Problem statement:
Scan the listing below. Copy each line that contains "fillet".

-- Opening Marker --

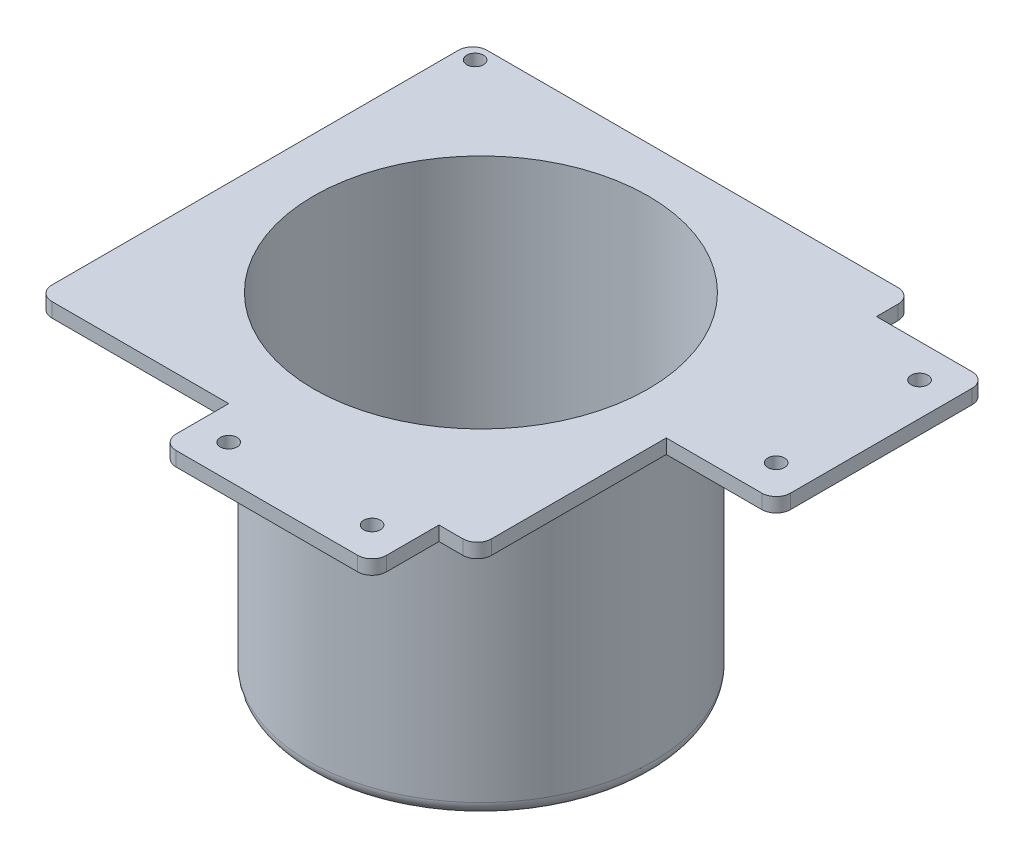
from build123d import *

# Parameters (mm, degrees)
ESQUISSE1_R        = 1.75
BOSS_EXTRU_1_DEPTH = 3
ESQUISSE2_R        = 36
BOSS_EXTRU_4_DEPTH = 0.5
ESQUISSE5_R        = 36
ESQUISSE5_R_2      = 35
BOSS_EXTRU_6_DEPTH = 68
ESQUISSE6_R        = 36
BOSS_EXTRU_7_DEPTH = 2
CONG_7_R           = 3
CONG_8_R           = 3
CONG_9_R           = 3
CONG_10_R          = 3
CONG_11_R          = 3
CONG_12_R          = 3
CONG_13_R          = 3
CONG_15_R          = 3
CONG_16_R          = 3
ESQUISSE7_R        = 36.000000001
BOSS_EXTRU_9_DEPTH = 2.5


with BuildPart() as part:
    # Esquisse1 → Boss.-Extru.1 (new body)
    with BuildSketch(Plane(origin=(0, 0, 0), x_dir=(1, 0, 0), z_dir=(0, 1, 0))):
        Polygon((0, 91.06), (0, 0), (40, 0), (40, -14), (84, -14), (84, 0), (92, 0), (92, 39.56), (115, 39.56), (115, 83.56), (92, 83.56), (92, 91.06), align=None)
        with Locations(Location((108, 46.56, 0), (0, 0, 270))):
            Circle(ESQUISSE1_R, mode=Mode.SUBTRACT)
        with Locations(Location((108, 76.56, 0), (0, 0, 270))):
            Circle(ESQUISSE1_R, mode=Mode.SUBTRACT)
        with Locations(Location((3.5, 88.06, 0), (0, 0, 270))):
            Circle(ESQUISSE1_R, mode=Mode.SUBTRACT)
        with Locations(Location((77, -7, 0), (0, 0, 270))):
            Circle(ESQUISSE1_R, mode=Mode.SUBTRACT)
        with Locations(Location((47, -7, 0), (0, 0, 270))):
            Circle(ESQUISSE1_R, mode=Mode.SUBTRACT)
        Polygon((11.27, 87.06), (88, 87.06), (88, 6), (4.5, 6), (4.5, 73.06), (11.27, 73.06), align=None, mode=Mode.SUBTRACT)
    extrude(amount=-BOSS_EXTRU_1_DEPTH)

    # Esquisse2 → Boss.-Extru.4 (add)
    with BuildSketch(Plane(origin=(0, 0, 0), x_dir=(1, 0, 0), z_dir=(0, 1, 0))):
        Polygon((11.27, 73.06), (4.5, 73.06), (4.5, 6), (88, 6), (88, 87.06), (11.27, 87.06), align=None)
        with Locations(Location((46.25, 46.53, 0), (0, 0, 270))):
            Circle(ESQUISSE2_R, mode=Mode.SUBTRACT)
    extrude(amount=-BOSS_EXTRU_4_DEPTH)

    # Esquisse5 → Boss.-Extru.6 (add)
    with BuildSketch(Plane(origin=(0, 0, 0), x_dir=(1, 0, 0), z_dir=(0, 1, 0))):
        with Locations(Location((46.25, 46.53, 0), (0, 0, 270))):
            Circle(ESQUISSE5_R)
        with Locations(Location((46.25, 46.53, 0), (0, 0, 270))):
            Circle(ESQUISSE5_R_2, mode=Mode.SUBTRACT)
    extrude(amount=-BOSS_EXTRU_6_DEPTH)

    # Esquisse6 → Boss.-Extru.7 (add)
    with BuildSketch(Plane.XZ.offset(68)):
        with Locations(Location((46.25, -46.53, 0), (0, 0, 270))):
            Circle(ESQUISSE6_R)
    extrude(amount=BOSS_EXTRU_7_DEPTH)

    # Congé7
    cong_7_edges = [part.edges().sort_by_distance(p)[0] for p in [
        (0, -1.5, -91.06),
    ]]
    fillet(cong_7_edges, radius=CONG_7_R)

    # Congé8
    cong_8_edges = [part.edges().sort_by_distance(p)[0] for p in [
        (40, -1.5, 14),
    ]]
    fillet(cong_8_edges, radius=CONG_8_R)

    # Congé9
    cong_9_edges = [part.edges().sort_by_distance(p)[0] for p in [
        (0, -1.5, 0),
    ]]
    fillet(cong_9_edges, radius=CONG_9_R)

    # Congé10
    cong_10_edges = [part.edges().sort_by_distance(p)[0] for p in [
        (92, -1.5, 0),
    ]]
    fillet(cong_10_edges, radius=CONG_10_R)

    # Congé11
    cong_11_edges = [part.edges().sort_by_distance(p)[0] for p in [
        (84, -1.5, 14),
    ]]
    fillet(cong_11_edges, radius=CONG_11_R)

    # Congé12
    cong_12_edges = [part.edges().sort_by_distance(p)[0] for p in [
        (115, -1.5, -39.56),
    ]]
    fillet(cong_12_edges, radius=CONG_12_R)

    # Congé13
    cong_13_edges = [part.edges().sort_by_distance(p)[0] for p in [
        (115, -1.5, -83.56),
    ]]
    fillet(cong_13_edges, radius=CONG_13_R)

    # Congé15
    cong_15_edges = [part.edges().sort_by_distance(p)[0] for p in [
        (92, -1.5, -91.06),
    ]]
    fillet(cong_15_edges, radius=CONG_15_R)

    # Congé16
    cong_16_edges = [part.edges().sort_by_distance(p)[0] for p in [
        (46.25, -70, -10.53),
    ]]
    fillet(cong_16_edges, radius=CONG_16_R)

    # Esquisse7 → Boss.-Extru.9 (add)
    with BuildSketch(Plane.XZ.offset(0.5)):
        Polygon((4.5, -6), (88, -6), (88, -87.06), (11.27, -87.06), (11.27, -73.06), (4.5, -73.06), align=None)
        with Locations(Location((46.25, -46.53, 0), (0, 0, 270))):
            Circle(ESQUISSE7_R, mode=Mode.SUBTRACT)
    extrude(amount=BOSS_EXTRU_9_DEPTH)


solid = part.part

-- Closing Marker --

Your solution:
    fillet(cong_7_edges, radius=CONG_7_R)
    fillet(cong_8_edges, radius=CONG_8_R)
    fillet(cong_9_edges, radius=CONG_9_R)
    fillet(cong_10_edges, radius=CONG_10_R)
    fillet(cong_11_edges, radius=CONG_11_R)
    fillet(cong_12_edges, radius=CONG_12_R)
    fillet(cong_13_edges, radius=CONG_13_R)
    fillet(cong_15_edges, radius=CONG_15_R)
    fillet(cong_16_edges, radius=CONG_16_R)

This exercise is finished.